Farmers itself works much like a mutual company, and these guys, because they’re taking a fee of the top line—it’s not a balance sheet business—can actually generate significant higher returns on equity than other property and casualty insurance peers.

And again, just to sort of stay on the financial services track, because it has been such an area of outperformance for us, Royal & Sun Alliance is a UK-based insurance company. But most of its profits are generated outside of the UK, specifically in Scandinavia, where the structure of the industry is very consolidated.

They also have a good Canadian business, as well as exposure to Latin America, which is a very difficult exposure to invest in the property and casualty space. But it gives them a lot of growth, and again enables them to generated higher ROEs than many of their UK peers.

Kate Stalter: We only have a couple more minutes here today, and I just wanted to put your fund in the context of an overall portfolio. So for anybody who’s listening to this today, how would you recommended they include this fund in their overall investment strategy?

Andrew Sleeman: Well, many financial advisors have indicated to us that what’s interesting about our fund to them is two things. First of all, it’s our view to protecting the downside and thinking like business owners. And the fact that they can get that investment expertise in offshore markets. So, oftentimes you’ll see them invest directly—financial advisors investing directly in the US and then taking a portfolio approach through an international fund.

I think the other thing that they like a lot about this fund is that it’s a smaller fund. It’s a multi-cap fund. We’re pretty agnostic and quite nimble with respect to the market cap of the businesses that we invest in. So, you can get exposure to some smaller names that are perhaps passed over by some of the larger funds, because we are a smaller fund and a little more nimble in that respect.

Kate Stalter: It sounds like from what you’ve been saying today, that your investments tend to be concentrated in the developed markets rather than emerging markets?

Andrew Sleeman: You know, that’s somewhat true. We have about 36% of our portfolio in Asia. And in Asia, I include Australia and Japan. You know, when you’re investing in Asia these days, it’s very difficult to invest without emerging-markets exposure.

For example, I’d day over 60% of the Hong Kong index is really just Chinese companies. But even within Asia, we invest in companies that might be domiciled in Hong Kong, may have businesses all around Asia, but are really benefiting from the increasing spending power of the Chinese.
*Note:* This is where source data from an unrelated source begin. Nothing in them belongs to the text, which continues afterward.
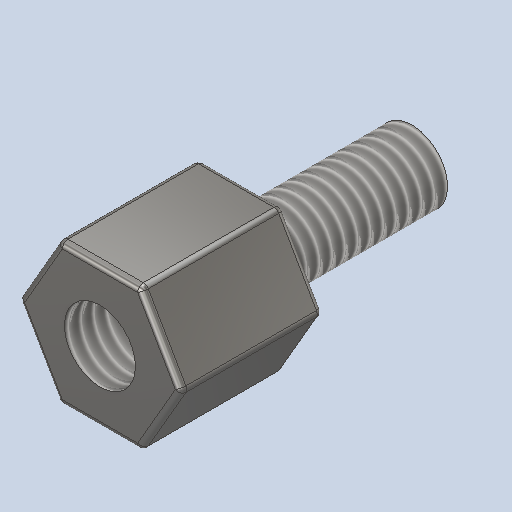
# Autodesk Inventor part: M2.5 Hex Spacer 5mm
Saved by Autodesk Inventor 2023 (Build 270158000, 158)
## iProperties
Created: 2020-05-05
Part Number: M2.5 Hex Spacer 5mm
Material: Stainless Steel
Document SubType Name: Modeling
Designer: Mike Angus
Density: 8 g/cm^3
Appearance: Semi-Polished
m3hs_bodyLength: 5,000 mm
m3hs_holeDepth: 3,000 mm
m3hs_studLength: 6,000 mm
Author: Mike Angus
Autodesk Inventor part; units mm, degrees
ref_plane "YZ Plane" through (0, 0, 0) normal (1, 0, 0) x (0, 1, 0)
ref_plane "XZ Plane" through (0, 0, 0) normal (0, 1, 0) x (-1, 0, 0)
ref_plane "XY Plane" through (0, 0, 0) normal (0, 0, 1) x (1, 0, 0)
sketch "Sketch1" plane through (0, 0, 0) normal (0, 0, 1) x (1, 0, 0)
  line L0 (1.4434, -2.5) -> (-1.4434, -2.5)
  line L1 (-1.4434, -2.5) -> (-2.8868, 0)
  line L2 (-2.8868, 0) -> (-1.4434, 2.5)
  line L3 (-1.4434, 2.5) -> (1.4434, 2.5)
  line L4 (1.4434, 2.5) -> (2.8868, 0)
  line L5 (2.8868, 0) -> (1.4434, -2.5)
  point P0 (0, 0)
  point P1 (0, 0)
  dimension "d0" = 5
  constraints: 12 end point, 1 coincident, 1 horizontal, 13 other
  measures "d0" distance between parallel lines of L3 L0
extrude "Extrusion1" add sketch "Sketch1" against normal blind 5
sketch "Sketch2" plane through (0, 0, 0) normal (0, 0, 1) x (1, 0, 0)
  circle A0 centre (0, 0) radius 1.25
  dimension "d3" = 2.5
  constraints: 1 centre point, 1 coincident
  measures "d3" diameter of A0
extrude "Extrusion2" cut sketch "Sketch2" against normal blind 3
sketch "Sketch3" plane through (0, 0, -5) normal (0, 0, -1) x (-1, 0, 0)
  circle A0 centre (0, 0) radius 1.25
  dimension "d6" = 2.5
  constraints: 1 centre point, 1 coincident
  measures "d6" diameter of A0
extrude "Extrusion3" add sketch "Sketch3" along normal blind 6
thread "Thread1" size "M2.5x0.45" class "6g" standard "ISO Metric profile" full length
thread "Thread2" size "M2.5x0.45" class "6H" standard "ISO Metric profile" full length
fillet "Fillet1" radius 0.2 12 edges at (0, -2.5, -5) (-2.1651, -1.25, -5) (-2.1651, 1.25, -5) (0, 2.5, -5) (2.1651, 1.25, -5) (2.1651, -1.25, -5) (0, -2.5, 0) (2.1651, -1.25, 0) (2.1651, 1.25, 0) (0, 2.5, 0) (-2.1651, 1.25, 0) (-2.1651, -1.25, 0)
fillet "Fillet1" radius 0.2 6 edges at (-2.8868, 0, -2.5) (-1.4434, 2.5, -2.5) (1.4434, 2.5, -2.5) (2.8868, 0, -2.5) (1.4434, -2.5, -2.5) (-1.4434, -2.5, -2.5)
equation "\"d0\" = m3hs_hexDiam"
equation "\"d1\" = m3hs_bodyLength"
equation "\"d3\" = m3hs_threadDiam"
equation "\"d4\" = m3hs_holeDepth"
equation "\"d6\" = m3hs_threadDiam"
equation "\"d7\" = m3hs_studLength"
equation "\"d13\" = m3hs_rounding"
equation "\"m3hs_hexDiam\" = 5"
equation "\"m3hs_bodyLength\" = 5"
equation "\"m3hs_holeDepth\" = 3"
equation "\"m3hs_studLength\" = 6"
equation "\"m3hs_rounding\" = 0.2"
equation "\"m3hs_threadDiam\" = 2.5"
body "Solid1"
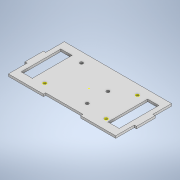
# Autodesk Inventor part: Level2 (Arduino)
Saved by Autodesk Inventor 2020 (Build 240168000, 168)
## iProperties
Created: 2020-01-30
Part Number: Level2 (Arduino)
Material: Generic
Document SubType Name: Modeling
Designer: jelte
Density: 1 g/cm^3
Appearance: Default
Mass: 27.7069 g
Surface Area: 213.533 cm^2
Volume: 27.7069 cm^3
Author: jelte
Autodesk Inventor part; units mm, degrees
ref_plane "YZ Plane" through (0, 0, 0) normal (1, 0, 0) x (0, 1, 0)
ref_plane "XZ Plane" through (0, 0, 0) normal (0, 1, 0) x (-1, 0, 0)
ref_plane "XY Plane" through (0, 0, 0) normal (0, 0, 1) x (1, 0, 0)
sketch "Sketch1" plane through (0, 0, 0) normal (0, 1, 0) x (-1, 0, 0)
  line L0 (71.1097, -38.0648) -> (71.1097, -13.0648)
  line L1 (71.1097, -13.0648) -> (74.1097, -13.0648)
  line L2 (74.1097, -13.0648) -> (74.1097, 11.9352)
  line L3 (74.1097, 11.9352) -> (71.1097, 11.9352)
  line L4 (71.1097, 11.9352) -> (71.1097, 36.9352)
  line L5 (-72.8903, -38.0648) -> (-72.8903, -13.0648)
  line L6 (-72.8903, 36.9352) -> (-72.8903, 11.9352)
  line L7 (-72.8903, -13.0648) -> (-75.8903, -13.0648)
  line L8 (-75.8903, -13.0648) -> (-75.8903, 11.9352)
  line L9 (-75.8903, 11.9352) -> (-72.8903, 11.9352)
  line L10 (71.1097, -38.0648) -> (-72.8903, -38.0648)
  line L11 (71.1097, 36.9352) -> (-72.8903, 36.9352)
  point P0 (0, 0)
  constraints: 24 end point, 5 perpendicular, 3 horizontal, 2 vertical
extrude "Extrusion1" add sketch "Sketch1" along normal blind 3
sketch "Sketch2" plane through (0, 3, 0) normal (0, 1, 0) x (1, 0, 0)
  line L0 (-74.1097, 13.0648) -> (-74.1097, -11.9352) projected
  line L1 (75.8903, -11.9352) -> (75.8903, 13.0648) projected
  line L2 (-71.1097, -36.9352) -> (72.8903, -36.9352) projected
  line L3 (-24.1097, -36.9352) -> (25.8903, -36.9352)
  line L4 (25.8903, -36.9352) -> (25.8903, -33.9352)
  line L5 (25.8903, -33.9352) -> (-24.1097, -33.9352)
  line L6 (-24.1097, -33.9352) -> (-24.1097, -36.9352)
  line L7 (72.8903, 38.0648) -> (-71.1097, 38.0648) projected
  point P0 (0, 0)
  dimension "d13" = 50
  dimension "d14" = 3
  constraints: 8 end point, 2 parallel, 1 horizontal, 1 perpendicular, 1 point on line
  measures "d13" distance of L4.end L5.end
  measures "d14" distance of L3.end L4.end
extrude "Extrusion2" cut sketch "Sketch2" against normal blind 30
sketch "Sketch3" plane through (0, 3, 0) normal (0, 1, 0) x (1, 0, 0)
  line L0 (-71.1097, -36.9352) -> (-24.1097, -36.9352) projected
  line L1 (-74.1097, 13.0648) -> (-74.1097, -11.9352) projected
  line L2 (-54.9097, 25.4648) -> (-64.9114, 25.4648)
  line L3 (-64.9114, 25.4648) -> (-64.9114, -24.8352)
  line L4 (-64.9114, -24.8352) -> (-54.9097, -24.8352)
  line L5 (-54.9097, -24.8352) -> (-54.9097, 25.4648)
  line L6 (56.6903, 25.4648) -> (66.6903, 25.4648)
  line L7 (66.6903, 25.4648) -> (66.6903, -24.8352)
  line L8 (66.6903, -24.8352) -> (56.6903, -24.8352)
  line L9 (56.6903, -24.8352) -> (56.6903, 25.4648)
  circle A0 centre (-34.6697, 22.9248) radius 2
  circle A1 centre (-35.9397, -22.2952) radius 2
  circle A2 centre (40.2603, 22.9248) radius 2
  circle A3 centre (46.6103, -22.2952) radius 2
  line L10 (-49.9097, 28.4648) -> (51.6903, 28.4648)
  line L11 (51.6903, 28.4648) -> (51.6903, 33.4648)
  line L12 (51.6903, 33.4648) -> (-49.9097, 33.4648)
  line L13 (-49.9097, 33.4648) -> (-49.9097, 28.4648)
  point P0 (0, 0)
  dimension "d32" = 4
  dimension "d35" = 4
  dimension "d38" = 4
  dimension "d39" = 4
  constraints: 24 end point, 6 parallel, 4 centre point, 3 horizontal, 3 perpendicular
  measures "d32" diameter of A0
  measures "d35" diameter of A1
  measures "d38" diameter of A2
  measures "d39" diameter of A3
extrude "Extrusion3" cut sketch "Sketch3" against normal blind 10
sketch "Sketch4" plane through (-49.9097, 3, -33.4648) normal (0, 0, 1) x (1, 0, 0)
  line L0 (0, 0) -> (101.6, 0) projected
  line L1 (0, 0) -> (101.6, 0)
  line L2 (101.6, 0) -> (101.6, -3)
  line L3 (101.6, -3) -> (0, -3)
  line L4 (0, -3) -> (0, 0)
  point P0 (49.9097, -3)
  constraints: 8 end point, 2 parallel, 1 horizontal, 1 perpendicular
extrude "Extrusion4" add sketch "Sketch4" along normal blind 5.2375
sketch "Sketch5" plane through (0, 3, 0) normal (0, 1, 0) x (1, 0, 0)
  circle A0 centre (-34.6697, 22.9248) radius 2 projected
  circle A1 centre (-34.6697, 22.9248) radius 2
  circle A2 centre (40.2603, 22.9248) radius 2 projected
  circle A3 centre (40.2603, 22.9248) radius 2
  circle A4 centre (46.6103, -22.2952) radius 2 projected
  circle A5 centre (46.6103, -22.2952) radius 2
  circle A6 centre (-35.9397, -22.2952) radius 2 projected
  circle A7 centre (-35.9397, -22.2952) radius 2
  point P0 (0, 0)
  constraints: 4 centre point, 4 coincident
extrude "Extrusion5" add sketch "Sketch5" against normal blind 3
sketch "Sketch6" plane through (0, 3, 0) normal (0, 1, 0) x (1, 0, 0)
  point P0 (0, 0)
sketch "Sketch7" plane through (0, 3, 0) normal (0, 1, 0) x (1, 0, 0)
  line L0 (-54.9097, -24.8352) -> (-54.9097, 25.4648) projected
  line L1 (56.6903, 25.4648) -> (56.6903, -24.8352) projected
  line L2 (72.8903, 38.0648) -> (-71.1097, 38.0648) projected
  line L3 (25.8903, -36.9352) -> (72.8903, -36.9352) projected
  line L4 (-74.1097, 13.0648) -> (-74.1097, -11.9352) projected
  line L5 (75.8903, -11.9352) -> (75.8903, 13.0648) projected
  line L6 (-64.9114, 25.4648) -> (-64.9114, -24.8352) projected
  line L7 (-64.9114, 25.4648) -> (-54.9097, 25.4648)
  line L8 (-54.9097, 25.4648) -> (-54.9097, 27.2348)
  line L9 (-54.9097, 27.2348) -> (-64.9114, 27.2348)
  line L10 (-64.9114, 27.2348) -> (-64.9114, 25.4648)
  line L11 (-64.9114, -24.8352) -> (-54.9097, -24.8352)
  line L12 (-54.9097, -24.8352) -> (-54.9097, -26.1052)
  line L13 (-54.9097, -26.1052) -> (-64.9114, -26.1052)
  line L14 (-64.9114, -26.1052) -> (-64.9114, -24.8352)
  line L15 (56.6903, -24.8352) -> (66.6903, -24.8352) projected
  line L16 (56.6903, -24.8352) -> (66.6903, -24.8352)
  line L17 (66.6903, -24.8352) -> (66.6903, -26.1052)
  line L18 (66.6903, -26.1052) -> (56.6903, -26.1052)
  line L19 (56.6903, -26.1052) -> (56.6903, -24.8352)
  line L20 (66.6903, 25.4648) -> (56.6903, 25.4648) projected
  line L21 (56.6903, 25.4648) -> (66.6903, 25.4648)
  line L22 (66.6903, 25.4648) -> (66.6903, 27.2348)
  line L23 (66.6903, 27.2348) -> (56.6903, 27.2348)
  line L24 (56.6903, 27.2348) -> (56.6903, 25.4648)
  circle A0 centre (-35.9397, -23.5652) radius 2
  circle A1 centre (46.6103, -23.5652) radius 2
  circle A2 centre (-34.6697, 24.6948) radius 2
  circle A3 centre (40.2603, 24.6948) radius 2
  circle A4 centre (16.1303, -18.4852) radius 2
  circle A5 centre (16.1303, 9.4148) radius 2
  point P0 (0, 0)
  dimension "d61" = 4
  dimension "d63" = 4
  dimension "d69" = 4
  dimension "d71" = 4
  dimension "d74" = 4
  dimension "d76" = 4
  constraints: 32 end point, 8 parallel, 6 centre point, 4 horizontal, 4 perpendicular, 4 point on line
  measures "d61" diameter of A0
  measures "d63" diameter of A1
  measures "d69" diameter of A2
  measures "d71" diameter of A3
  measures "d74" diameter of A4
  measures "d76" diameter of A5
extrude "Extrusion6" cut sketch "Sketch7" against normal blind 3 contours L12 L13 L14 L11 | L7 L10 L9 L8 | L15 L17 L18 L19 | L24 L23 L22 L20 | A0 | A1 | A2 | A3 | A4 | A5
sketch "Sketch8" plane through (0, 3, 0) normal (0, 1, 0) x (1, 0, 0)
  point P0 (0, 0)
sketch "Sketch9" plane through (0, 3, 0) normal (0, 1, 0) x (1, 0, 0)
  circle A0 centre (46.6103, -23.5652) radius 2 projected
  circle A1 centre (-35.9397, -23.5652) radius 2 projected
  circle A2 centre (40.2603, 24.6948) radius 2 projected
  point P0 (0, 0)
sketch "Sketch10" plane through (0, 3, 0) normal (0, 1, 0) x (1, 0, 0)
  line L0 (56.6903, 27.2348) -> (66.6903, 27.2348) projected
  line L1 (56.6903, 27.2348) -> (51.6903, 27.2348)
  line L2 (51.6903, 27.2348) -> (51.6903, -26.1052)
  line L3 (51.6903, -26.1052) -> (56.6903, -26.1052)
  line L4 (56.6903, -26.1052) -> (56.6903, 27.2348)
  line L5 (-54.9097, -26.1052) -> (-54.9097, 27.2348) projected
  line L6 (-54.9097, 27.2348) -> (-49.9097, 27.2348)
  line L7 (-49.9097, 27.2348) -> (-49.9097, -26.1052)
  line L8 (-49.9097, -26.1052) -> (-54.9097, -26.1052)
  line L9 (-54.9097, -26.1052) -> (-54.9097, 27.2348)
  point P0 (0, 0)
  dimension "d79" = 5
  dimension "d80" = 5
  constraints: 16 end point, 4 parallel, 2 horizontal, 2 perpendicular
  measures "d79" distance of L0.start L1.end
  measures "d80" distance of L5.end L6.end
extrude "Extrusion7" cut sketch "Sketch10" against normal blind 10
body "Solid1"
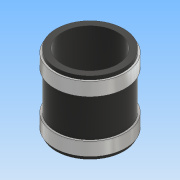
# Autodesk Inventor part: 4082
Saved by Autodesk Inventor 2018.1 (Build 221171000, 171)
## iProperties
Created: 2019-03-20
Part Number: 4082
Material: PVC-Piping
Document SubType Name: Modeling
Designer: James
Density: 1.4 g/cm^3
Appearance: Smooth - Black
Description: 42-50mm EPDM Adaptor
Author: James
Autodesk Inventor part; units mm, degrees
ref_plane "YZ Plane" through (0, 0, 0) normal (1, 0, 0) x (0, 1, 0)
ref_plane "XZ Plane" through (0, 0, 0) normal (0, 1, 0) x (-1, 0, 0)
ref_plane "XY Plane" through (0, 0, 0) normal (0, 0, 1) x (1, 0, 0)
sketch "Sketch1" plane through (0, 0, 0) normal (0, 0, 1) x (1, 0, 0)
  circle A0 centre (0, 0) radius 23
  circle A1 centre (0, 0) radius 28
  dimension "d0" = 46
  dimension "d1" = 56
  constraints: 2 centre point, 2 coincident
  measures "d0" diameter of A0
  measures "d1" diameter of A1
extrude "Extrusion1" add sketch "Sketch1" along normal mid plane 60
sketch "Sketch2" plane through (0, 0, 0) normal (1, 0, 0) x (0, 1, 0)
  line L0 (28, 27) -> (29.5, 27)
  line L1 (29.5, 27) -> (29.5, 16)
  line L2 (29.5, 16) -> (28, 16)
  line L3 (28, 16) -> (28, 27)
  line L4 (28, -16) -> (29.5, -16)
  line L5 (29.5, -16) -> (29.5, -27)
  line L6 (29.5, -27) -> (28, -27)
  line L7 (28, -27) -> (28, -16)
  line L8 (28, 30) -> (-28, 30) projected
  line L9 (-28, -30) -> (28, -30) projected
  line L10 (0, -42) -> (0, 42) projected
  point P0 (0, 0)
  dimension "d4" = 1.5
  dimension "d5" = 11
  dimension "d6" = 3
  dimension "d7" = 3
  dimension "d8" = 11
  constraints: 16 end point, 4 parallel, 2 horizontal, 2 perpendicular, 2 point on line, 2 vertical alignment
  measures "d4" distance of L0.start L0.end
  measures "d5" distance of L0.end L1.end
  measures "d6" distance from line of L0 L8.start
  measures "d7" distance between parallel lines of L9 L6
  measures "d8" distance of L4.end L5.end
revolve "Revolution1" add sketch "Sketch2" angle 360 about axis through (0, 0, -10) along (0, 0, 1)
equation "\"d7\" = d6"
equation "\"d8\" = d5"
body "Solid1"
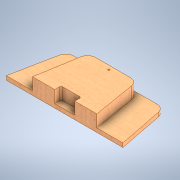
# Autodesk Inventor part: Pont arriere
Saved by Autodesk Inventor 2021 (Build 250183000, 183)
## iProperties
Created: 2021-01-15
Part Number: Pont arriere
Material: Bois (Cerisier)
Document SubType Name: Modeling
Designer: dimercur
Density: 0.63 g/cm^3
Appearance: Cerisier - Faible lustre naturel
Author: dimercur
Autodesk Inventor part; units mm, degrees
ref_plane "YZ Plane" through (0, 0, 0) normal (1, 0, 0) x (0, 1, 0)
ref_plane "XZ Plane" through (0, 0, 0) normal (0, 1, 0) x (-1, 0, 0)
ref_plane "XY Plane" through (0, 0, 0) normal (0, 0, 1) x (1, 0, 0)
sketch "Esquisse1" plane through (0, 0, 0) normal (0, 1, 0) x (-1, 0, 0)
  line L0 (-70.5281, 61.3918) -> (-58.0281, -1.6082)
  line L1 (-58.0281, -1.6082) -> (61.9719, -1.6082)
  line L2 (61.9719, -1.6082) -> (74.4719, 61.3918)
  line L3 (74.4719, 61.3918) -> (-70.5281, 61.3918)
  dimension "d2" = 145
  dimension "d3" = 120
  dimension "d4" = 63
  dimension "d5" = 12.5
  constraints: 8 end point, 1 horizontal, 1 parallel
  measures "d2" distance of L2.end L0.start
  measures "d3" distance of L0.end L1.end
  measures "d4" distance between parallel lines of L1 L3
  measures "d5" horizontal distance of L0.end L0.start
extrude "Extrusion1" add sketch "Esquisse1" along normal blind 5
sketch "Esquisse2" plane through (0, 5, 0) normal (0, 1, 0) x (1, 0, 0)
  line L0 (-74.4719, -61.3918) -> (70.5281, -61.3918) projected
  line L1 (38.0281, -61.3918) -> (28.0281, -1.3918)
  line L2 (28.0281, -1.3918) -> (-31.9719, -1.3918)
  line L3 (-31.9719, -1.3918) -> (-41.9719, -61.3918)
  line L4 (-41.9719, -61.3918) -> (-14.4719, -61.3918)
  line L5 (-14.4719, -61.3918) -> (-14.4719, -53.3918)
  line L6 (-14.4719, -53.3918) -> (10.5281, -53.3918)
  line L7 (10.5281, -53.3918) -> (10.5281, -61.3918)
  line L8 (10.5281, -61.3918) -> (38.0281, -61.3918)
  point P0 (0, 0)
  dimension "d8" = 60
  dimension "d9" = 80
  dimension "d10" = 60
  dimension "d11" = 10
  dimension "d12" = 145
  dimension "d13" = 32.5
  dimension "d14" = 25
  dimension "d15" = 27.5
  dimension "d16" = 8
  constraints: 16 end point, 4 perpendicular, 3 point on line, 1 horizontal, 1 parallel
  measures "d8" vertical distance of L1.end L1.start
  measures "d9" distance of L3.end L1.start
  measures "d10" distance of L1.end L2.end
  measures "d11" horizontal distance of L1.end L1.start
  measures "d12" distance of L0.start L0.end
  measures "d13" distance of L0.end L1.start
  measures "d14" distance of L5.end L6.end
  measures "d15" distance of L7.end L1.start
  measures "d16" distance of L4.end L5.end
extrude "Extrusion2" add sketch "Esquisse2" along normal blind 15 contours L3 L2 L1 L0 L7 L6 L5
fillet "Congé1" radius 10 4 edges at (58.0281, 2.5, -1.6082) (-61.9719, 2.5, -1.6082) (-31.9719, 12.5, 1.3918) (28.0281, 12.5, 1.3918)
fillet "Congé2" radius 2 2 edges at (10.5281, 12.5, 53.3918) (-14.4719, 12.5, 53.3918)
sketch "Esquisse3" plane through (0, 20, 0) normal (0, 1, 0) x (1, 0, 0)
  circle A0 centre (-1.9719, -6.3918) radius 1
  line L0 (-14.4719, -61.3918) -> (-14.4719, -55.3918) projected
  line L1 (10.5281, -55.3918) -> (10.5281, -61.3918) projected
  line L2 (19.5569, -1.3918) -> (-23.5006, -1.3918) projected
  point P0 (0, 0)
  dimension "d21" = 2
  dimension "d22" = 25
  dimension "d23" = 12.5
  dimension "d24" = 5
  constraints: 1 centre point
  measures "d21" diameter of A0
  measures "d22" distance between parallel lines of L0 L1
  measures "d23" distance from line of A0.centre L1
  measures "d24" distance from line of L2 A0.centre
extrude "Extrusion3" cut sketch "Esquisse3" against normal blind 10
sketch "Esquisse4" plane through (19.5569, 5, 1.3918) normal (0, 0, -1) x (-1, 0, 0)
  circle A0 centre (21.5287, 7.5) radius 4
  line L0 (-30.2605, 0) -> (73.3179, 0) projected
  line L1 (0, 15) -> (43.0575, 15) projected
  line L2 (61.5287, 0) -> (61.5287, 15) projected
  line L3 (-18.4713, 0) -> (-18.4713, 15) projected
  point P0 (19.5569, -5)
  dimension "d27" = 8
  dimension "d28" = 15
  dimension "d29" = 80
  dimension "d30" = 40
  dimension "d31" = 7.5
  constraints: 1 centre point
  measures "d27" diameter of A0
  measures "d28" distance between parallel lines of L0 L1
  measures "d29" distance between parallel lines of L2 L3
  measures "d30" distance from line of L3 A0.centre
  measures "d31" distance from line of L1 A0.centre
extrude "Extrusion4" cut sketch "Esquisse4" against normal blind 30
equation "\"d5\" = -0.5 * d3 + 0.5 * d2"
equation "\"d11\" = -0.5 * d10 + 0.5 * d9"
equation "\"d13\" = -0.5 * d9 + 0.5 * d12"
equation "\"d15\" = -0.5 * d14 + 0.5 * d9"
equation "\"d23\" = 0.5 * d22"
equation "\"d30\" = 0.5 * d29"
equation "\"d31\" = 0.5 * d28"

For example, we own Mandarin Oriental (MAORF), the hotel group, which is overwhelmingly exposed to the Asian market, and the vast majority of their growth has been from Chinese shoppers who are traveling off shore to spend money.

Another one that we own that’s a Japanese company, Asahi Group (ASBRF), who make beer and soft drinks in Japan, among other places. But one of their great investments outside of Japan has been Tsingtao Brewery, which the way we’ve invested in the business, you know, we’re getting a 10% plus free cash flow yield out of a Japanese brewing business, and we actually get the Tsingtao exposure in China for free. So there are some of the ways that we’re investing in developing markets without investing directly.

Another example is the Jardine Group (LLTHF), and with the Jardines you’ve got a company that’s been in existence since the 1800s, and has contacts throughout the Asia-Pacific region which are second to none, I would venture to suggest. So we get their expertise and their contacts, as well as some wonderful franchises. And because it’s a conglomerate, it tends to trade at a discount to the sum of the parts, a significant discount to the sum of the parts, and we love that.